• [HOW TO COMPLETE THIS TASK] Lines containing the word "layers" are the ones to copy from the records below.

• [Saved data entries]
- - -
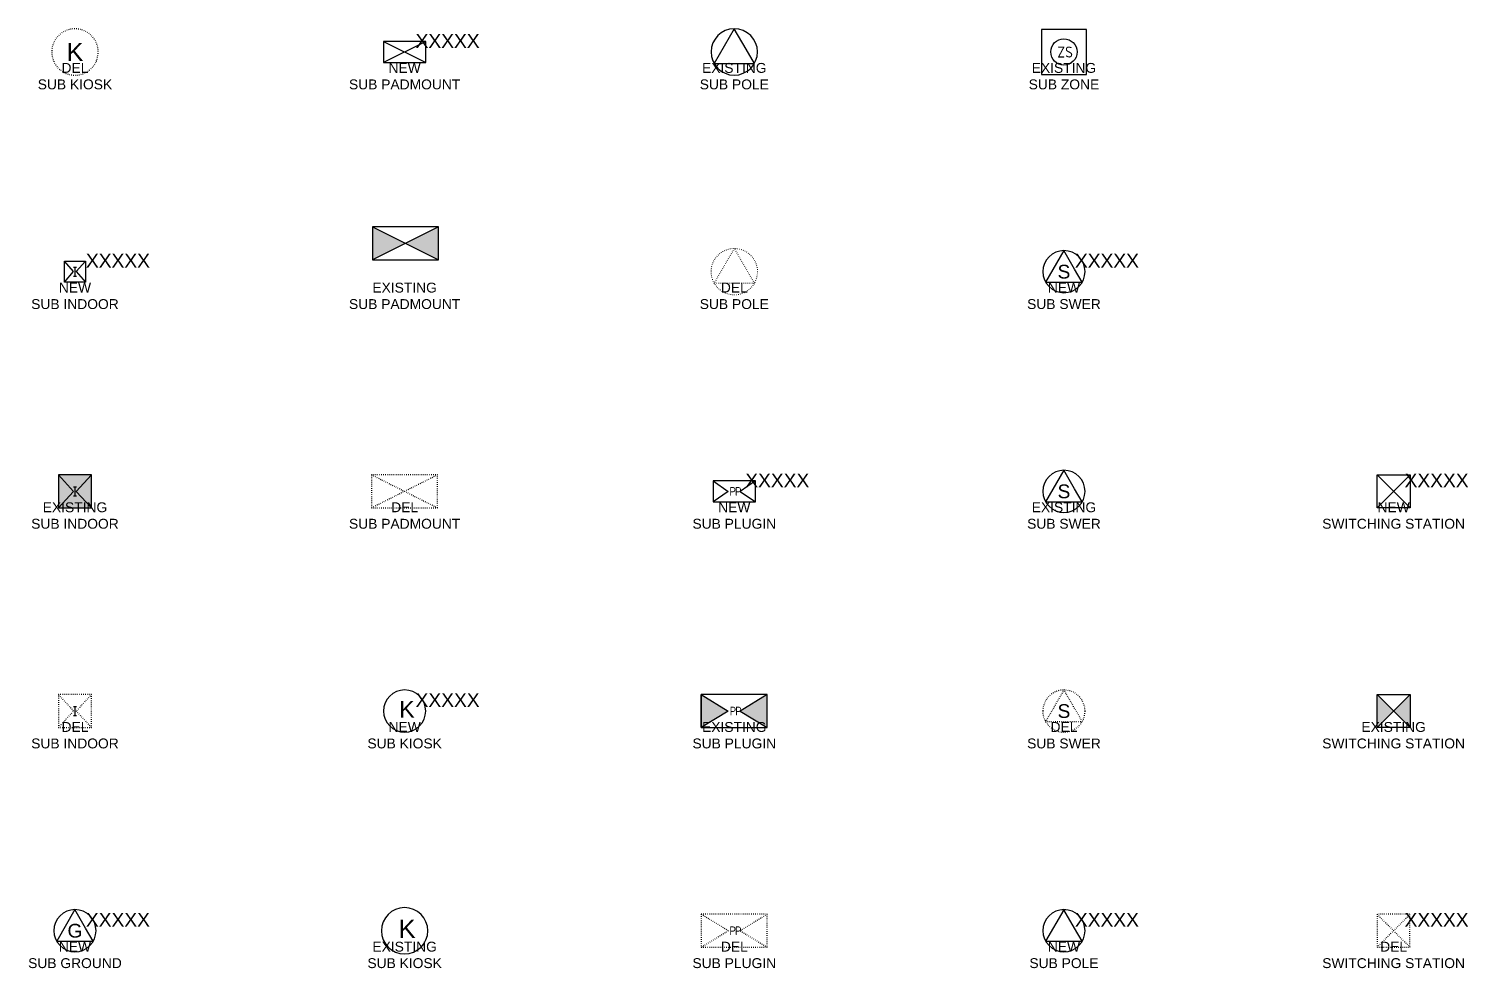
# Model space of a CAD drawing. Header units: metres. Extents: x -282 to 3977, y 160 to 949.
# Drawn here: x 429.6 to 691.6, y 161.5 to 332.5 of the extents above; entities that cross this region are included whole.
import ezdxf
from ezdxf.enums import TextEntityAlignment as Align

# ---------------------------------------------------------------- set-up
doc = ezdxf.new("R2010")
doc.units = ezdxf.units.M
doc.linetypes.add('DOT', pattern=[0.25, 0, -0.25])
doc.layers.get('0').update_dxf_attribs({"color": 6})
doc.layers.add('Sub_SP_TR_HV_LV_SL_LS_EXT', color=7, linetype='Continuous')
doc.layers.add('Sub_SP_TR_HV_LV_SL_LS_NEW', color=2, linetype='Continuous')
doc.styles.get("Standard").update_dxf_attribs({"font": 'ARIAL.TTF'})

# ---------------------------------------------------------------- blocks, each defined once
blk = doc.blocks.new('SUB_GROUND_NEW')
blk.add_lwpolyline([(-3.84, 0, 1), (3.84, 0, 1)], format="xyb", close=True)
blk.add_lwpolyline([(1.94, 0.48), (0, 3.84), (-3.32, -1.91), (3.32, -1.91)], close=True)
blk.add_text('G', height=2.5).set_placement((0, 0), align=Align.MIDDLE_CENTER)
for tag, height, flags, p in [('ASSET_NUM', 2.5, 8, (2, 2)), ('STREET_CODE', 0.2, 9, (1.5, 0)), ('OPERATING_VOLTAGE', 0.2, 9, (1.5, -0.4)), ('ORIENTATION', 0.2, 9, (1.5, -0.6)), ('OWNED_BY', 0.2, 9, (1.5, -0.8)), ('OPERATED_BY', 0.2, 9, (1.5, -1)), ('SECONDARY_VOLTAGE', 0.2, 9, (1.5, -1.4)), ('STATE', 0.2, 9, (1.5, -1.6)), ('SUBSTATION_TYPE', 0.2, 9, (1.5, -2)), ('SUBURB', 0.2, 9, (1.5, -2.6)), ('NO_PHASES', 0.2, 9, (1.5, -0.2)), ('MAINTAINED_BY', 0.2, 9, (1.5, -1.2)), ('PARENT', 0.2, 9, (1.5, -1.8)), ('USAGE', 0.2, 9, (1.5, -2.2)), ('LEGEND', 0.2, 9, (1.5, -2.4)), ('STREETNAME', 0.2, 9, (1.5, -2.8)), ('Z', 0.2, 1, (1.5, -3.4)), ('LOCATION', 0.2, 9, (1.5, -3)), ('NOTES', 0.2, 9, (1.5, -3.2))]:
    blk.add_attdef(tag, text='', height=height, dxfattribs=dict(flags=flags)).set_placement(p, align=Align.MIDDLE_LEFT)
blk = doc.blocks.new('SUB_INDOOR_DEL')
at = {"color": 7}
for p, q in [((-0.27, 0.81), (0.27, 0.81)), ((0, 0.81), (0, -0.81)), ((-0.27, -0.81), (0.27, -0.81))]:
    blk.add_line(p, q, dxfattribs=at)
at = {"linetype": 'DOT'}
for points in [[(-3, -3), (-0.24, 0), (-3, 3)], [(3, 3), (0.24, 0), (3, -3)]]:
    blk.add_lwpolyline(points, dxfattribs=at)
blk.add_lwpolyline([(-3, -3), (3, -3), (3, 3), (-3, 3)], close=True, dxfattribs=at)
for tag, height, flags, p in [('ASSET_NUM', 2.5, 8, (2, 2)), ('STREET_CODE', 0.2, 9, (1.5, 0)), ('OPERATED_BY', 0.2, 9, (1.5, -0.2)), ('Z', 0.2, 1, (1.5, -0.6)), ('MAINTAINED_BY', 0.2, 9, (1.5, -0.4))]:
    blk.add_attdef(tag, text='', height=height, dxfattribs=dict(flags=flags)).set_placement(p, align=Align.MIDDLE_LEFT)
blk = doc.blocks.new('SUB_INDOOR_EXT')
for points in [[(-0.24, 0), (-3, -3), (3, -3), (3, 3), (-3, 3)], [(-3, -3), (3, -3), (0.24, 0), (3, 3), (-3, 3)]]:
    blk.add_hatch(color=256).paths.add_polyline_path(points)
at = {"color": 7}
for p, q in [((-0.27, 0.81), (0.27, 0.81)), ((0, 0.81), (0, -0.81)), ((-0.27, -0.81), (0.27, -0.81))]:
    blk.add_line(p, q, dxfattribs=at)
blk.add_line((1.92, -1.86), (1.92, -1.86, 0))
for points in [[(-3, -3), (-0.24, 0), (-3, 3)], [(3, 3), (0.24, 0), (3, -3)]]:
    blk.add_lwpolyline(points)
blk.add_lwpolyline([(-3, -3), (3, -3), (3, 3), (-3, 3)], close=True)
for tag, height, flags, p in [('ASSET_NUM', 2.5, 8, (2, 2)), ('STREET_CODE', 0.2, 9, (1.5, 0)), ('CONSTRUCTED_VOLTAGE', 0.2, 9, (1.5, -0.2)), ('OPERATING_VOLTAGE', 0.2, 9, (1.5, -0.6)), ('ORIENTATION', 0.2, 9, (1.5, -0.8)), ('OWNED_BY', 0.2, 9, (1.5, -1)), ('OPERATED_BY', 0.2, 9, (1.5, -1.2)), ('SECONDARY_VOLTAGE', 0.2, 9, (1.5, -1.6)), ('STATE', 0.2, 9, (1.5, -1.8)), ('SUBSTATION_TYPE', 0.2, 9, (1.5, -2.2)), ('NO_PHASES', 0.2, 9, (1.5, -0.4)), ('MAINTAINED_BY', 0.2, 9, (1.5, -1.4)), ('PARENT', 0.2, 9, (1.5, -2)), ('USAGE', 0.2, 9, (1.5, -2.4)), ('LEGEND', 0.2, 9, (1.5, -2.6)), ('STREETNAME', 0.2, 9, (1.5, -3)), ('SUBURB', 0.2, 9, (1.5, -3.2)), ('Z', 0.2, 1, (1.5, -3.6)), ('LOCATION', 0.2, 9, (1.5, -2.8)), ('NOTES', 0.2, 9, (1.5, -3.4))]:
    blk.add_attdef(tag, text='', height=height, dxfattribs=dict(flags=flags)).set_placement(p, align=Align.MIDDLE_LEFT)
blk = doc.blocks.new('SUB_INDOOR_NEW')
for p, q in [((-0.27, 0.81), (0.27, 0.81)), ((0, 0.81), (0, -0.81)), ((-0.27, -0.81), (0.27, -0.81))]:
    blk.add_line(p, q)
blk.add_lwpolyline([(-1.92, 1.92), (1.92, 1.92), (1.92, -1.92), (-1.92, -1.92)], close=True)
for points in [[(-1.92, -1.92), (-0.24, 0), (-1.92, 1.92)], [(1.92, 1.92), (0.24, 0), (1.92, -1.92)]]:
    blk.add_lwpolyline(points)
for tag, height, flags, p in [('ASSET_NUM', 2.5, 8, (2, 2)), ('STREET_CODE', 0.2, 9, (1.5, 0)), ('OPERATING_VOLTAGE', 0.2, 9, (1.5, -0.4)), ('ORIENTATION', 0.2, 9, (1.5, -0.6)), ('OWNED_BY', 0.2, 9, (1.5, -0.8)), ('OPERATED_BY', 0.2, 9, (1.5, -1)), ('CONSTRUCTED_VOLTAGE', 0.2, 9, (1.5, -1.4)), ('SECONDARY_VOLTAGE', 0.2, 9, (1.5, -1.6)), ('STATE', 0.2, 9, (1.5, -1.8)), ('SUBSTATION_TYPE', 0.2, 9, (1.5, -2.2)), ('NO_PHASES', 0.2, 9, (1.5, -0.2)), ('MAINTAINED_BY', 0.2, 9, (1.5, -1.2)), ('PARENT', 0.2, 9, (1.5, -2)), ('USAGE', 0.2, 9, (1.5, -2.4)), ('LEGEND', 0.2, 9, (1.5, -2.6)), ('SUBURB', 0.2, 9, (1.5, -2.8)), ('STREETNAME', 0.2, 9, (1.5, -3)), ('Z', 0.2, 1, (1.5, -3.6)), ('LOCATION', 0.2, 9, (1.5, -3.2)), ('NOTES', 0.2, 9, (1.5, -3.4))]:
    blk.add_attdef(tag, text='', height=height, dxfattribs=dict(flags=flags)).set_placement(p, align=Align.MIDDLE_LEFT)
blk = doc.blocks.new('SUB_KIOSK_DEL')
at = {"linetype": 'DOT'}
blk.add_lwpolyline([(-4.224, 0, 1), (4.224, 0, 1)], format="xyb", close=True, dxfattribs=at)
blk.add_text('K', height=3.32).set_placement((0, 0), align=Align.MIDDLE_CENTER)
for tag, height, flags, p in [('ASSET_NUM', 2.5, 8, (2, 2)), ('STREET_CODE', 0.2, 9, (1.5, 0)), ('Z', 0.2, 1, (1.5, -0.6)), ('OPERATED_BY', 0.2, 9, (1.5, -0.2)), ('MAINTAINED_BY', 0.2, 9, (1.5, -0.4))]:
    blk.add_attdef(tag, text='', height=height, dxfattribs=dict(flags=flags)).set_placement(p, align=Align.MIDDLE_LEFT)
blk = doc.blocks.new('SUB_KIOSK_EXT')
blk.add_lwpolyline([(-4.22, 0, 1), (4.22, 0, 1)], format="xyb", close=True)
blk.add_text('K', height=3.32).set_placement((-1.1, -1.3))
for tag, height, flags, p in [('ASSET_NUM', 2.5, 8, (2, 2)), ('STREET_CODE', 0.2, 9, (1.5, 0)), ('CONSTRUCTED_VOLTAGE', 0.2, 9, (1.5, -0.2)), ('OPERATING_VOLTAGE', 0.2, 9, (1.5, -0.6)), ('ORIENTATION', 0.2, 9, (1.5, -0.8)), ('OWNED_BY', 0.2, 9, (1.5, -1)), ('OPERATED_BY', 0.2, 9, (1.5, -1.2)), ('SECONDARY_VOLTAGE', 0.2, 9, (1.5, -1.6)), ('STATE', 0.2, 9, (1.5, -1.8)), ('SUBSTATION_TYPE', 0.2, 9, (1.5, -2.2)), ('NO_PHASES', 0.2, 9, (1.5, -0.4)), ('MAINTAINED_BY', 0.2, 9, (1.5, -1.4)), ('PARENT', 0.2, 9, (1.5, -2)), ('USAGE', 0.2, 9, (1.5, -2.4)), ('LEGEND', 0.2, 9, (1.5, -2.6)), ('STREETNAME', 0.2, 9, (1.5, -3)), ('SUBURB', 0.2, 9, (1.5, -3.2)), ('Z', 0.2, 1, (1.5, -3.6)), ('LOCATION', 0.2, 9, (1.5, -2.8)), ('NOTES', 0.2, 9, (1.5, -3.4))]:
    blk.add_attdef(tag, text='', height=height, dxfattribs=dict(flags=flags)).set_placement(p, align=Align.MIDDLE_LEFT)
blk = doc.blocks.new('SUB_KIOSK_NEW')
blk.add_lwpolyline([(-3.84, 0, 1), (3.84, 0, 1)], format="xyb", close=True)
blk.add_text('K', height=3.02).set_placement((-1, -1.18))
- - -
• [RESPONSE AREA]
doc.layers.get('0').update_dxf_attribs({"color": 6})
doc.layers.add('Sub_SP_TR_HV_LV_SL_LS_EXT', color=7, linetype='Continuous')
doc.layers.add('Sub_SP_TR_HV_LV_SL_LS_NEW', color=2, linetype='Continuous')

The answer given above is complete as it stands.